In the early years of psychometrics, beginning in the 1910s with work on IQ at Stanford University and the
subsequent development of the American Army Alpha, the primary focus was on assessing abilities. As
these methods developed and in particular with the application of factor analysis in the 1930s, interest
in measuring a broader range of outcomes developed, with the widespread use of psychological testing
and assessment centres deployed to support mobilisation during the Second World War.
Following this, the use of psychometrics to assess abilities has expanded considerably and has been
intensively employed in high-volume assessment situations in particular in large organisations, for
example, to support graduate recruitment.
Our approach to ability testing is firmly grounded in psychometric theory, and the Elements tests are
designed to provide standardised, reliable, valid and fair quantitative measurement of abilities. Guilford’s
work in the 1960s has shaped ability testing generally and underpins our approach. His model proposed
a non-hierarchical approach with specific abilities in particular areas such as verbal, numerical or
mechanical reasoning. The model of specific abilities has been further expanded by Sternberg’s triarchic
model of intelligence (1985) and Gardner (1983) in his model of Multiple Intelligences. Subsequent meta-
analytical validation of ability tests has demonstrated their efficacy in predicting job performance from
frontline roles through to senior management positions (Schmidt and Hunter, 2004).
Elements tests how well a candidate can perform when they are trying their hardest (rather than
measuring typical performance). The assessments also operate similarly to other cognitive ability tests
in that they are norm-referenced, so results gain practical meaning and utility once they have been
compared with an appropriate norm group (e.g. managerial and professional roles).
3 © Korn Ferry 2017. All rights reserved.However, Elements is significantly different from most other ability tests in that all three tests are
adaptive. Many ability tests were originally designed to be paper-based, with everyone being presented
with the same set of questions which progressively increase in difficulty. Candidates would be given a set
amount of time, usually about 30 minutes, to complete the tests. The number of questions the candidate
gets right within the overall time limit then determines their raw score.

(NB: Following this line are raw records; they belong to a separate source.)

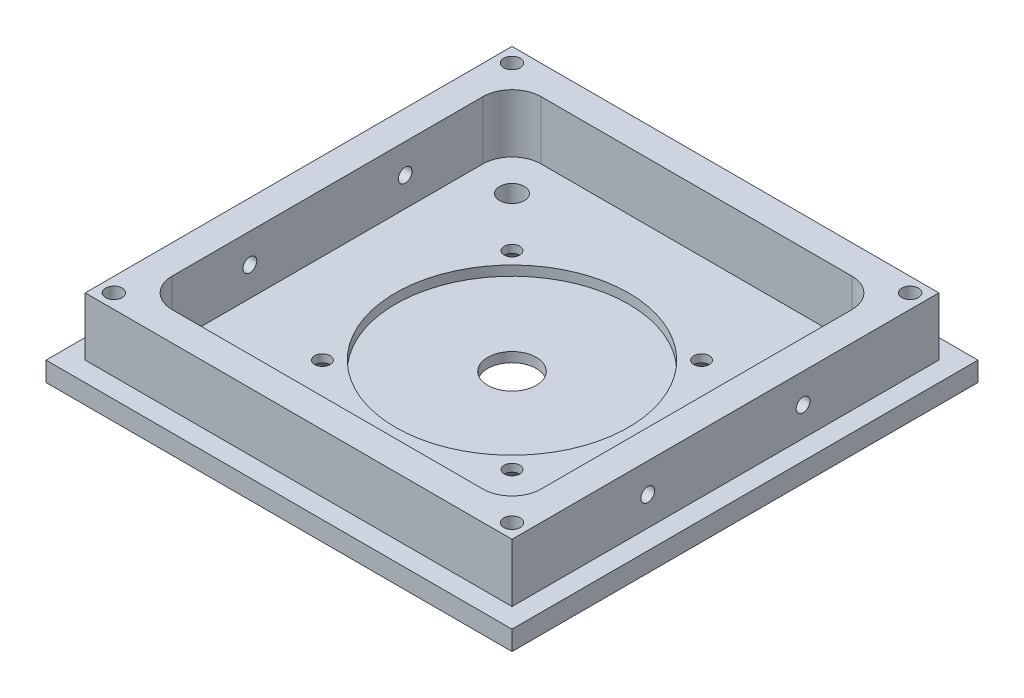
from build123d import *
from OCP.BRepFilletAPI import BRepFilletAPI_MakeChamfer

# Parameters (mm, degrees)
SKETCH1_W                    = 76.2
SKETCH1_H                    = 76.2
BOSS_EXTRUDE1_DEPTH          = 3.175
SKETCH2_W                    = 69.79412
SKETCH2_H                    = 69.79412
SKETCH2_W_2                  = 60.325
SKETCH2_H_2                  = 60.325
BOSS_EXTRUDE2_DEPTH          = 9.525
FILLET1_R                    = 4.7625
SKETCH3_R                    = 19.05
CUT_EXTRUDE1_DEPTH           = 1.5875
SKETCH4_R                    = 3.96875
CUT_EXTRUDE2_DEPTH           = 56.015521957
F_39_0_0995_DIAMETER_HOLE1_D = 2.5273
F_10_32_TAPPED_HOLE1_D       = 4.0386
CHAMFER1_SIZE                = 1.905
CHAMFER1_SIZE2               = 1.655991236
F_6_32_TAPPED_HOLE1_D        = 2.7051
CIRPATTERN1_COUNT            = 4


with BuildPart() as part:
    # Sketch1 → Boss-Extrude1 (new body)
    with BuildSketch(Plane(origin=(0, 0, 0), x_dir=(1, 0, 0), z_dir=(0, 1, 0))):
        Rectangle(SKETCH1_W, SKETCH1_H)
    extrude(amount=BOSS_EXTRUDE1_DEPTH)

    # Sketch2 → Boss-Extrude2 (add)
    with BuildSketch(Plane(origin=(0, 3.175, 0), x_dir=(1, 0, 0), z_dir=(0, 1, 0))):
        Rectangle(SKETCH2_W, SKETCH2_H)
        Rectangle(SKETCH2_W_2, SKETCH2_H_2, mode=Mode.SUBTRACT)
    extrude(amount=BOSS_EXTRUDE2_DEPTH)

    # Fillet1
    fillet1_edges = [part.edges().sort_by_distance(p)[0] for p in [
        (-30.1625, 7.9375, 30.1625),
        (30.1625, 7.9375, 30.1625),
        (30.1625, 7.9375, -30.1625),
        (-30.1625, 7.9375, -30.1625),
    ]]
    fillet(fillet1_edges, radius=FILLET1_R)

    # Sketch3 → Cut-Extrude1 (cut)
    with BuildSketch(Plane(origin=(0, 3.175, 0), x_dir=(1, 0, 0), z_dir=(0, 1, 0))):
        Circle(SKETCH3_R)
    extrude(amount=-CUT_EXTRUDE1_DEPTH, mode=Mode.SUBTRACT)

    # Sketch4 → Cut-Extrude2 (cut, through all)
    with BuildSketch(Plane(origin=(0, 1.5875, 0), x_dir=(1, 0, 0), z_dir=(0, 1, 0))):
        Circle(SKETCH4_R)
    extrude(amount=-CUT_EXTRUDE2_DEPTH, mode=Mode.SUBTRACT)

    # #39 (0.0995) Diameter Hole1 (through all)
    with Locations(Plane(origin=(0, 3.175, 0), x_dir=(1, 0, 0), z_dir=(0, 1, 0))):
        with Locations((15.5, 15.5), (-15.5, 15.5), (-15.5, -15.5), (15.5, -15.5), (-23.5966, 23.5966), (23.5966, 23.5966), (23.5966, -23.5966), (-23.5966, -23.5966)):
            Hole(F_39_0_0995_DIAMETER_HOLE1_D / 2)

    # #10-32 Tapped Hole1 (through all)
    with Locations(Plane(origin=(0, 3.175, 0), x_dir=(1, 0, 0), z_dir=(0, 1, 0))):
        with Locations((-23.5966, 23.5966), (23.5966, 23.5966), (23.5966, -23.5966), (-23.5966, -23.5966)):
            Hole(F_10_32_TAPPED_HOLE1_D / 2)

    # Sketch9 → #4-40 Tapped Hole1 (revolve, cut)
    with BuildSketch(Plane(origin=(34.89706, 7.9375, 12.7), x_dir=(0, 0, -1), z_dir=(0, 1, 0))):
        Polygon((0, 0), (0, 7.283152758), (1.1303, 6.604), (1.1303, 0), align=None)
    f_4_40_tapped_hole1 = revolve(axis=Axis((41.24706, 7.9375, 12.7), (-1, 0, 0)), mode=Mode.SUBTRACT)

    # Mirror1: #4-40 Tapped Hole1 across plane
    add(f_4_40_tapped_hole1.mirror(Plane.XY), mode=Mode.SUBTRACT)

    # Mirror2 copy 1 sketch → Mirror2 copy 1 (revolve, cut)
    with BuildSketch(Plane(origin=(-34.89706, 7.9375, -12.7), x_dir=(0, 0, 1), z_dir=(0, 1, 0))):
        Polygon((0, 0), (0, 7.283152758), (1.1303, 6.604), (1.1303, 0), align=None)
    revolve(axis=Axis((-41.24706, 7.9375, -12.7), (1, 0, 0)), mode=Mode.SUBTRACT)

    # Mirror2 copy 2 sketch → Mirror2 copy 2 (revolve, cut)
    with BuildSketch(Plane(origin=(-34.89706, 7.9375, 12.7), x_dir=(0, 0, -1), z_dir=(0, 1, 0))):
        Polygon((0, 0), (0, -7.283152758), (1.1303, -6.604), (1.1303, 0), align=None)
    revolve(axis=Axis((-41.24706, 7.9375, 12.7), (-1, 0, 0)), mode=Mode.SUBTRACT)

    # Chamfer1: one chamfer whose edges measure the first distance from different faces: ONE call of the kernel's chamfer builder (chamfer() names one face for all edges)
    chamfer1_edges_1 = [part.edges().sort_by_distance(p)[0] for p in [
        (-14.23635, 0, -15.5),
    ]]
    chamfer1_side_1 = [part.faces().sort_by_distance(p)[0] for p in [
        (-14.23635, 1.5875, -15.5),
    ]]
    chamfer1_edges_2 = [part.edges().sort_by_distance(p)[0] for p in [
        (16.76365, 0, -15.5),
    ]]
    chamfer1_side_2 = [part.faces().sort_by_distance(p)[0] for p in [
        (16.76365, 1.5875, -15.5),
    ]]
    chamfer1_edges_3 = [part.edges().sort_by_distance(p)[0] for p in [
        (16.76365, 0, 15.5),
    ]]
    chamfer1_side_3 = [part.faces().sort_by_distance(p)[0] for p in [
        (16.76365, 1.5875, 15.5),
    ]]
    chamfer1_edges_4 = [part.edges().sort_by_distance(p)[0] for p in [
        (-14.23635, 0, 15.5),
    ]]
    chamfer1_side_4 = [part.faces().sort_by_distance(p)[0] for p in [
        (-14.23635, 1.5875, 15.5),
    ]]
    chamfer1 = BRepFilletAPI_MakeChamfer(part.part.solid().wrapped)
    for e in chamfer1_edges_1:
        chamfer1.Add(CHAMFER1_SIZE, CHAMFER1_SIZE2, e.wrapped, chamfer1_side_1[0].wrapped)  # the first distance lies on this face
    for e in chamfer1_edges_2:
        chamfer1.Add(CHAMFER1_SIZE, CHAMFER1_SIZE2, e.wrapped, chamfer1_side_2[0].wrapped)  # the first distance lies on this face
    for e in chamfer1_edges_3:
        chamfer1.Add(CHAMFER1_SIZE, CHAMFER1_SIZE2, e.wrapped, chamfer1_side_3[0].wrapped)  # the first distance lies on this face
    for e in chamfer1_edges_4:
        chamfer1.Add(CHAMFER1_SIZE, CHAMFER1_SIZE2, e.wrapped, chamfer1_side_4[0].wrapped)  # the first distance lies on this face
    add(Compound.cast(chamfer1.Shape()), mode=Mode.REPLACE)

    # #6-32 Tapped Hole1 (through all)
    with Locations(Plane(origin=(0, 0, 0), x_dir=(-1, 0, 0), z_dir=(0, -1, 0))):
        with Locations((-32.5501, 32.5501)):
            f_6_32_tapped_hole1 = Hole(F_6_32_TAPPED_HOLE1_D / 2)

    # CirPattern1: #6-32 Tapped Hole1 ×4 about axis
    cirpattern1_axis = Axis((0, 0, 0), (0, 1, 0))
    for i in range(1, CIRPATTERN1_COUNT):
        add(f_6_32_tapped_hole1.rotate(cirpattern1_axis, i * 360 / CIRPATTERN1_COUNT), mode=Mode.SUBTRACT)


solid = part.part

With the advent of the internet, it is now possible to take a more intelligent, efficient approach to test
development known as adaptive testing. Within an adaptive test there is a large bank of questions (e.g.
300 or more) of varying levels of difficulty. The candidate starts the test with a question of medium
difficulty. If they answer this question correctly, they are presented with one of a selection of harder
questions. Alternatively, if they get a question wrong, the candidate is presented with a slightly easier
question. This continues until they have completed a set number of questions and the combination of the
right and wrong answers, along with respective difficulty levels of the questions, determines their final
score.
The adaptive testing approach provides a number of significant advantages over traditional testing:
■ Secure: The adaptive nature of the test means that individuals get questions which are unique to their
level of ability, and which are randomly selected from a large bank of possible questions. This reduces
the chance of questions and correct answers ‘leaking out’ and being published on the internet. The
questions are randomised, which further reduces the chance that any two candidates will receive the
same test. Verification tests are available for all candidates, which are short follow-up assessments
completed under controlled conditions. The verification tests commence at the level an individual
attained in the main test, and provide feedback concerning the similarity in scores between the two
testing sessions. All of these features greatly improve the security of the test and the confidence
clients can have in the results.
■ Fast: Because candidates are quickly taken to questions appropriate to their level of ability, the testing
process can be completed much more quickly (e.g. half the time) compared with traditional tests, with
no compromise on scientific rigour.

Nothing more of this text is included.